**EXERCISE OBJECTIVE**
Only one stretch of the records below should be repeated. It starts with the line containing "arc A9 (120.2094, 70.1362)" and goes on through the line containing "circle A18 centre (15.7787, -108.101)", exactly as written.

*** Opening of RECORDED DATA ***

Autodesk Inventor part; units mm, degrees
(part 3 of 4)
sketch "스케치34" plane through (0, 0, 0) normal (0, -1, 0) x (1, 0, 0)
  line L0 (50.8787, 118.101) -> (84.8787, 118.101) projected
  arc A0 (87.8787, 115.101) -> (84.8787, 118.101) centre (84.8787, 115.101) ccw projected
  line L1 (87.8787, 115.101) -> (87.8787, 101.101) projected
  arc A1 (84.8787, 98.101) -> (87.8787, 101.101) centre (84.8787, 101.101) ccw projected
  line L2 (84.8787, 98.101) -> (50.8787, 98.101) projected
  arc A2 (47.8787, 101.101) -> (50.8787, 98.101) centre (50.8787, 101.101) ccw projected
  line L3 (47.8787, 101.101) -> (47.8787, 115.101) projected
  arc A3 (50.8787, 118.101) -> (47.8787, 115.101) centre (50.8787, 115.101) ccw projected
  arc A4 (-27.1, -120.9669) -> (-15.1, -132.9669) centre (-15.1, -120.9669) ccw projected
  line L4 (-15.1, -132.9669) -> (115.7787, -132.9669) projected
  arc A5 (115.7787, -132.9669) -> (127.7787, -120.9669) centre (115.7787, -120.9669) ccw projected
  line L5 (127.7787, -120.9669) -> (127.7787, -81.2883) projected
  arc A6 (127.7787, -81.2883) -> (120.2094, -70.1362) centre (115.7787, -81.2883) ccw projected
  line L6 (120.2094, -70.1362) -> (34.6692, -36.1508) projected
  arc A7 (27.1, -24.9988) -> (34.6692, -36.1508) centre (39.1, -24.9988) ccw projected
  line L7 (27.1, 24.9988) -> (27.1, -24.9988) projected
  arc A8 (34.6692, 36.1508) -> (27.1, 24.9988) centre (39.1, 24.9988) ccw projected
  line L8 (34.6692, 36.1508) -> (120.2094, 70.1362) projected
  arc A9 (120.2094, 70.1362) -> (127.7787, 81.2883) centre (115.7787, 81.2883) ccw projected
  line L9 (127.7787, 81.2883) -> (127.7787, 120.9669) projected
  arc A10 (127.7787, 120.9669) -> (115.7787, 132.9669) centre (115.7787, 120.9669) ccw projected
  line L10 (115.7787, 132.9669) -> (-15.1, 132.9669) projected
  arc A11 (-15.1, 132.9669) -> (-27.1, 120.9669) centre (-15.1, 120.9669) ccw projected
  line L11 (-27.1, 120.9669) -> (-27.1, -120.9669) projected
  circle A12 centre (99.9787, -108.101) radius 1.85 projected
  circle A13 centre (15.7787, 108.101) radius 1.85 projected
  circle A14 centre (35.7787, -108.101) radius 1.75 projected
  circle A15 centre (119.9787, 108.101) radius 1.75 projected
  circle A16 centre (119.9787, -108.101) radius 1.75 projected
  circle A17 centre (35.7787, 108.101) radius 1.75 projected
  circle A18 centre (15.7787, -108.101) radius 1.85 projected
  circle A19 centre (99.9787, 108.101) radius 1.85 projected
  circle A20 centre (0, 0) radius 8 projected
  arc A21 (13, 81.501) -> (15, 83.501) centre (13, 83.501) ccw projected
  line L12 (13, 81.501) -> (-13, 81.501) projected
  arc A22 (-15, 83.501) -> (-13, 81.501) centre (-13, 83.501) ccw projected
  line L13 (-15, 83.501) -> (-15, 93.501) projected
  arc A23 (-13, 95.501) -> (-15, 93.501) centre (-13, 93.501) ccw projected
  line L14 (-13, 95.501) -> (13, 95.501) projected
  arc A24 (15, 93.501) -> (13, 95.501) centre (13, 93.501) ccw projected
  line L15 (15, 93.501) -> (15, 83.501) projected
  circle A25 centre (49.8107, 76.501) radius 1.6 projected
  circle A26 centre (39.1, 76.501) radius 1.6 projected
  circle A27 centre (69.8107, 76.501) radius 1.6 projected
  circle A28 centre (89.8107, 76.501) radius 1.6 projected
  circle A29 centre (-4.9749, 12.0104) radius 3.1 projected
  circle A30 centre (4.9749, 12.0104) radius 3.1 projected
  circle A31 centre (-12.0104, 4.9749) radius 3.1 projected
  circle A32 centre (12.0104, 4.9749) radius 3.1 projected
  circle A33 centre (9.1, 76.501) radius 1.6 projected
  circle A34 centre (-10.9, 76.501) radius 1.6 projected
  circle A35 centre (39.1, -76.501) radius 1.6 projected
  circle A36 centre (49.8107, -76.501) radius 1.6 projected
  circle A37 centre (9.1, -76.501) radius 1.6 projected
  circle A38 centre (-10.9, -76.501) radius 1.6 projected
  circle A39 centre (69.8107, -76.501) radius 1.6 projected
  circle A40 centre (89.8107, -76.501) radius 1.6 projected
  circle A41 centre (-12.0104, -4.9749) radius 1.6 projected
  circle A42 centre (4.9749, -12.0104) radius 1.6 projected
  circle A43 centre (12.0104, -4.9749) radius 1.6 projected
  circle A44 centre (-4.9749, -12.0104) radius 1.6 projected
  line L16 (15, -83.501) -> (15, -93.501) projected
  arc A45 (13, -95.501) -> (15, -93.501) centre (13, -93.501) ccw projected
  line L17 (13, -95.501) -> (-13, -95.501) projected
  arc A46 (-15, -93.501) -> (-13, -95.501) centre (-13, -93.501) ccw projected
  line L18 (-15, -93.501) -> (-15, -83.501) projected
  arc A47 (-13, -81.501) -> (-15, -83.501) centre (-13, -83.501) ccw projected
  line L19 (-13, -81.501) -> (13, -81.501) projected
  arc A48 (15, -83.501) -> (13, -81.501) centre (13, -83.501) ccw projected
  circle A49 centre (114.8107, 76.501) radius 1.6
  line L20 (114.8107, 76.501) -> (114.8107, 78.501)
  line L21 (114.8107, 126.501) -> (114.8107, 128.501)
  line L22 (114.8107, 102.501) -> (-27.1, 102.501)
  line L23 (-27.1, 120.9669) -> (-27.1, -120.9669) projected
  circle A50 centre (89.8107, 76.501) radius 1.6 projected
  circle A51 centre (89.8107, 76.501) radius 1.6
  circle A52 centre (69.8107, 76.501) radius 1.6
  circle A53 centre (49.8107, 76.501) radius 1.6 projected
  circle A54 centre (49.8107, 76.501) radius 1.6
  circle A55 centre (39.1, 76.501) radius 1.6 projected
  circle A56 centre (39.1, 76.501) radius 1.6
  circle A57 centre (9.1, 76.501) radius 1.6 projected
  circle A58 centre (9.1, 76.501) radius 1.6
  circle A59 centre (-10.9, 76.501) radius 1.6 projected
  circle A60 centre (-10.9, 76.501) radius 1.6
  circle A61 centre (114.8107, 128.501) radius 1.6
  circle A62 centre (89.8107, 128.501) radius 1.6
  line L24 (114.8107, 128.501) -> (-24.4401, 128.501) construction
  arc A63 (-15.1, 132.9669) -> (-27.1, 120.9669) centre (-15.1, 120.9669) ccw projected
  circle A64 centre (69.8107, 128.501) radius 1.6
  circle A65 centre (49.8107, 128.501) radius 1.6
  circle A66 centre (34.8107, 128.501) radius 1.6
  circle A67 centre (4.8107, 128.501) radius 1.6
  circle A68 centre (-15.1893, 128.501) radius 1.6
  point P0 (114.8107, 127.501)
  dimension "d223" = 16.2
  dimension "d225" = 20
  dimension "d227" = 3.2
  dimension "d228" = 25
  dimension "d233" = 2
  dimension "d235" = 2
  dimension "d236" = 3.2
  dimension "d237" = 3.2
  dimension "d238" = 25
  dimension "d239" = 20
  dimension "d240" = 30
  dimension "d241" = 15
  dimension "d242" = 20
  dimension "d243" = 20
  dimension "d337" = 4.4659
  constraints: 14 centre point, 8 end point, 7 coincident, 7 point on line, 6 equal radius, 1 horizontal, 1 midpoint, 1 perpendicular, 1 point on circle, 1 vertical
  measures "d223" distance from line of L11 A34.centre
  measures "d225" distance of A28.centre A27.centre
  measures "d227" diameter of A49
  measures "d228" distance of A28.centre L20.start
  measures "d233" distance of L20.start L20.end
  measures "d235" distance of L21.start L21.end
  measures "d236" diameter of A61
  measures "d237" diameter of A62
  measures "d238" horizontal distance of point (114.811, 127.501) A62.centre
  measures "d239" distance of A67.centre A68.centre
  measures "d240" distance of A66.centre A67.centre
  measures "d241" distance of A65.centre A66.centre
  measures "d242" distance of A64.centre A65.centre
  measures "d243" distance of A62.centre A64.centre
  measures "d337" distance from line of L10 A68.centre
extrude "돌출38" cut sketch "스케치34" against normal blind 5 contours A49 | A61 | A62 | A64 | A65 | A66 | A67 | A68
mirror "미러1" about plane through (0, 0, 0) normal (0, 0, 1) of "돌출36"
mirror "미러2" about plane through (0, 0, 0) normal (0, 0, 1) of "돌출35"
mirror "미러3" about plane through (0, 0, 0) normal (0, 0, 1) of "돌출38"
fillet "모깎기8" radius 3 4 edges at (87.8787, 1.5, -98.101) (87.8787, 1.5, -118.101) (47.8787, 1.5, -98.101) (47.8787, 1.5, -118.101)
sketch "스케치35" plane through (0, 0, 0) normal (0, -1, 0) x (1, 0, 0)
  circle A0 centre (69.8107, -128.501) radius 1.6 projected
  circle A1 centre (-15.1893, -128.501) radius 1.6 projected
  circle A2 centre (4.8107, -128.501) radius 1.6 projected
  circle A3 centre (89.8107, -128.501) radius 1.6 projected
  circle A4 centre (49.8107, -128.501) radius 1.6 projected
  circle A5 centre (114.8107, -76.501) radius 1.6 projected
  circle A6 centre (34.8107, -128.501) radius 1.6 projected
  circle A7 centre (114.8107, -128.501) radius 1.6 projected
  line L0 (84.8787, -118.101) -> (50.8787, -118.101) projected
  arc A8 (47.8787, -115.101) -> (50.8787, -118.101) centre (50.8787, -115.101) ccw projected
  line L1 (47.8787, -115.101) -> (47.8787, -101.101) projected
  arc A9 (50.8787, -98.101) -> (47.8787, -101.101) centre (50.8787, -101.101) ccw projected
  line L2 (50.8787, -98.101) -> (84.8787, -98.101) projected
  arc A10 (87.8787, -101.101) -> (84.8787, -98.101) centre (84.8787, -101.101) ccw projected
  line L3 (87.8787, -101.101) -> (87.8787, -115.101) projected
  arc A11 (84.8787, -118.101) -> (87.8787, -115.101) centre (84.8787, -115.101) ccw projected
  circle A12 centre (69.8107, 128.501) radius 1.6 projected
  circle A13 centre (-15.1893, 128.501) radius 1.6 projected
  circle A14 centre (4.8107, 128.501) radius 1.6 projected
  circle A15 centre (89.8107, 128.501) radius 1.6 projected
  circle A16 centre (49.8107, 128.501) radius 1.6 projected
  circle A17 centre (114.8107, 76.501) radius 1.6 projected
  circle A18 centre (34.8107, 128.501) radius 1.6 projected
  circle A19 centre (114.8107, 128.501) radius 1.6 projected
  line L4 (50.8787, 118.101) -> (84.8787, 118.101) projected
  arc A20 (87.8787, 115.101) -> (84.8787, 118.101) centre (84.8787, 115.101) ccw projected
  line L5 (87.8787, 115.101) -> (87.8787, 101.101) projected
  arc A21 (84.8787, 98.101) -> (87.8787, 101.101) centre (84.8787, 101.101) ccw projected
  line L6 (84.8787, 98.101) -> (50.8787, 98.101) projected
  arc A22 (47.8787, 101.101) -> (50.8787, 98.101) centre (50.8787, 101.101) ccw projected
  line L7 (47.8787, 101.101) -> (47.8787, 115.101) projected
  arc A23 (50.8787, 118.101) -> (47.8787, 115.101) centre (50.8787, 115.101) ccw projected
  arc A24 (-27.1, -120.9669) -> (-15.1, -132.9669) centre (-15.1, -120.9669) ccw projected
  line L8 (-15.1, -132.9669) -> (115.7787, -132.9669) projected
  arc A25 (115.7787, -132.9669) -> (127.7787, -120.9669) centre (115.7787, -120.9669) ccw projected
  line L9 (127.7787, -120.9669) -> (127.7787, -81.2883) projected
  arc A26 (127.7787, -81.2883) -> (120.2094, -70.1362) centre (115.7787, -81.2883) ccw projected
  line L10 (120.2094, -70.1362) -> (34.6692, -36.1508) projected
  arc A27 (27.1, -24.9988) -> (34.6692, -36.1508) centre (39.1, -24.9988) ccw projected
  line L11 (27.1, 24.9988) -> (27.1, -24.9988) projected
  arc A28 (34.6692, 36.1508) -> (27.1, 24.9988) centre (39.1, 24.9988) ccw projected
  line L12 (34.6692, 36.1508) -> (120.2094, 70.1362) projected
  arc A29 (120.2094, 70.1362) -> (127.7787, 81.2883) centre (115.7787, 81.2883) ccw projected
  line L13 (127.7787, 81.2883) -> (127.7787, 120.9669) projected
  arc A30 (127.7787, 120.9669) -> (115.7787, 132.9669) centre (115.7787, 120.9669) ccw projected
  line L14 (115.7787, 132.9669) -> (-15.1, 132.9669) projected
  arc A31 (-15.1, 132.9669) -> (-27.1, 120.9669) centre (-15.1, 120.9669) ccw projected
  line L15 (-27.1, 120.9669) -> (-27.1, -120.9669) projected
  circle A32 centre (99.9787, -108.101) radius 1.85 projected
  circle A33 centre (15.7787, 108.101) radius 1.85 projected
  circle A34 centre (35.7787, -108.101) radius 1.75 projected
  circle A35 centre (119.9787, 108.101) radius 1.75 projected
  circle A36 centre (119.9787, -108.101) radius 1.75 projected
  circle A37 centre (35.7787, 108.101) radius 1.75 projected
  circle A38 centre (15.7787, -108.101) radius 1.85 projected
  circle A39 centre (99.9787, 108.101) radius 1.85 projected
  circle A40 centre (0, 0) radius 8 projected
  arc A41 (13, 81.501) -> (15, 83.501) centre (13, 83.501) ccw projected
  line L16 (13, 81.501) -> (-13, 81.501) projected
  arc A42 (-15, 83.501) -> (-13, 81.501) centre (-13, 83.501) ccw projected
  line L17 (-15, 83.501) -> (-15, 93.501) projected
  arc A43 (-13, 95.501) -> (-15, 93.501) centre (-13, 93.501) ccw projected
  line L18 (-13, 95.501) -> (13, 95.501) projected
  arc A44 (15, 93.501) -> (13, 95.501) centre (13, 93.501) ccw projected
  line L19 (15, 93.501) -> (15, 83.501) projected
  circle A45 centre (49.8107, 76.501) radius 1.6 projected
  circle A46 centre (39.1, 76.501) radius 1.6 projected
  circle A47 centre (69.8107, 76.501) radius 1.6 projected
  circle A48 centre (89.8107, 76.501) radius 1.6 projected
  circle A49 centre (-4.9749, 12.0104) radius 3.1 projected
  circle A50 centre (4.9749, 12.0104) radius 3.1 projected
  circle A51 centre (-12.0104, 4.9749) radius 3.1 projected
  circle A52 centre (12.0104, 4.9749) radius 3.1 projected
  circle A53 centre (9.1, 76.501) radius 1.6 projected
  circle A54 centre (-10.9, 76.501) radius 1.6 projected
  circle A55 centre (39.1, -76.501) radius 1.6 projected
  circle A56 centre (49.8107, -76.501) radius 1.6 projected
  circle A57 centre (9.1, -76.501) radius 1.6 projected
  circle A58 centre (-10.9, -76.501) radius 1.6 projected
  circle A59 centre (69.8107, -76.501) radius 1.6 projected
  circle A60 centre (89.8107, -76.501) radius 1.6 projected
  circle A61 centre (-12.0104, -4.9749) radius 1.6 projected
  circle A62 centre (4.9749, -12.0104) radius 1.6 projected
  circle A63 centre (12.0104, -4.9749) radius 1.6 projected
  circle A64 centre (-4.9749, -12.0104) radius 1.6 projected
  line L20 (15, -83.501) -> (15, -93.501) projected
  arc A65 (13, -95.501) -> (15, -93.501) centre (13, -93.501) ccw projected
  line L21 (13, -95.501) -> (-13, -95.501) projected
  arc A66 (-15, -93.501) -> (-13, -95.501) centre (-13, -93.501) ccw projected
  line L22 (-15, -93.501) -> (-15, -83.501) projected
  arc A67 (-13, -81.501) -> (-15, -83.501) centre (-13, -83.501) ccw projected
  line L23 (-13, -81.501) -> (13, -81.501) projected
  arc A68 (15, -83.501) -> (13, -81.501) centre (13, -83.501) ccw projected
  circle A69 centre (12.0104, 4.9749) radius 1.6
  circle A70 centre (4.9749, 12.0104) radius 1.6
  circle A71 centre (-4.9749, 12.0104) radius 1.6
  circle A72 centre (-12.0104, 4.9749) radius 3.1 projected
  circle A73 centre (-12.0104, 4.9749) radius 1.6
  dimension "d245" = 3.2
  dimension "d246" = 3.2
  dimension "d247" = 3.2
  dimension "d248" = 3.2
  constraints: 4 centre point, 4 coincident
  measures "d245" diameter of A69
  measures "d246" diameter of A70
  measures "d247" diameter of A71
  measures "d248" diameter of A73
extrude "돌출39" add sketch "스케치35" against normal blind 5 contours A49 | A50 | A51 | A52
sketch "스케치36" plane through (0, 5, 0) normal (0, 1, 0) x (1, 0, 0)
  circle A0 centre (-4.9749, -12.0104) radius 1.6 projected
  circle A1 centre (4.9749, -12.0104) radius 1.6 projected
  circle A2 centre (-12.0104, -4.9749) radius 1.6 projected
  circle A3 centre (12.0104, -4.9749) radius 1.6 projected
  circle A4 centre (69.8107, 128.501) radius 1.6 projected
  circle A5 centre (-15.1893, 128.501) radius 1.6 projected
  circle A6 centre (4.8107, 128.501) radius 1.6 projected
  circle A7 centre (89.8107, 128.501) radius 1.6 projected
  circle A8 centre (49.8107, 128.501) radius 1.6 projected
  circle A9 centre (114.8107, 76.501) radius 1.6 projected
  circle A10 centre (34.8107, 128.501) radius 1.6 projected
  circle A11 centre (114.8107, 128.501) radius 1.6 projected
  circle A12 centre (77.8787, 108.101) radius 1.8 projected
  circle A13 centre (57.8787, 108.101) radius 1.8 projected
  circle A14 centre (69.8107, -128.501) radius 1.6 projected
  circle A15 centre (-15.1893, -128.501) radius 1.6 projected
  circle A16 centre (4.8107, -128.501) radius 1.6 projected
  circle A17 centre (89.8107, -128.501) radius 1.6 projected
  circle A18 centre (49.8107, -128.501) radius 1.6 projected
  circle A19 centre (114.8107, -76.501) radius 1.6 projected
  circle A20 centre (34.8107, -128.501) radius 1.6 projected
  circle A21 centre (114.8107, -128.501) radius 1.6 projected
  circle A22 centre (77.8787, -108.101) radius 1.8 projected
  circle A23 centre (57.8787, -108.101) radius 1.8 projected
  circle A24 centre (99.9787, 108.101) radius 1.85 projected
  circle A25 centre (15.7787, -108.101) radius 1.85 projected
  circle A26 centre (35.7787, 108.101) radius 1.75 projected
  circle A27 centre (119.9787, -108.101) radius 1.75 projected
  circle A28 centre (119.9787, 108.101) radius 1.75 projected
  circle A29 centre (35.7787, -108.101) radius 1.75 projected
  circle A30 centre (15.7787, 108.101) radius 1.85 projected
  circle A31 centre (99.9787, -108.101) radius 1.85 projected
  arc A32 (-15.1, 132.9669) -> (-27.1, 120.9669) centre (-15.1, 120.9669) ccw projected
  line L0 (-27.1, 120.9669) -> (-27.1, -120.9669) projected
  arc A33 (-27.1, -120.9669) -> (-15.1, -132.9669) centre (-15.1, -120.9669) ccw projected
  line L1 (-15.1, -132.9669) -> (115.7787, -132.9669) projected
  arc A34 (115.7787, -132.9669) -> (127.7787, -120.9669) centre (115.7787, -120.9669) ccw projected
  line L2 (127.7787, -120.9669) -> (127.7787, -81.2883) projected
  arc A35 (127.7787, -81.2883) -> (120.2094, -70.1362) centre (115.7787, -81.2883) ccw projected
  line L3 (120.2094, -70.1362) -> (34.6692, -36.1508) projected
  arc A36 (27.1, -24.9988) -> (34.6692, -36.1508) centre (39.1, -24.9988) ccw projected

*** Close of RECORDED DATA ***

**SOLUTION BELOW**
  arc A9 (120.2094, 70.1362) -> (127.7787, 81.2883) centre (115.7787, 81.2883) ccw projected
  line L9 (127.7787, 81.2883) -> (127.7787, 120.9669) projected
  arc A10 (127.7787, 120.9669) -> (115.7787, 132.9669) centre (115.7787, 120.9669) ccw projected
  line L10 (115.7787, 132.9669) -> (-15.1, 132.9669) projected
  arc A11 (-15.1, 132.9669) -> (-27.1, 120.9669) centre (-15.1, 120.9669) ccw projected
  line L11 (-27.1, 120.9669) -> (-27.1, -120.9669) projected
  circle A12 centre (99.9787, -108.101) radius 1.85 projected
  circle A13 centre (15.7787, 108.101) radius 1.85 projected
  circle A14 centre (35.7787, -108.101) radius 1.75 projected
  circle A15 centre (119.9787, 108.101) radius 1.75 projected
  circle A16 centre (119.9787, -108.101) radius 1.75 projected
  circle A17 centre (35.7787, 108.101) radius 1.75 projected
  circle A18 centre (15.7787, -108.101) radius 1.85 projected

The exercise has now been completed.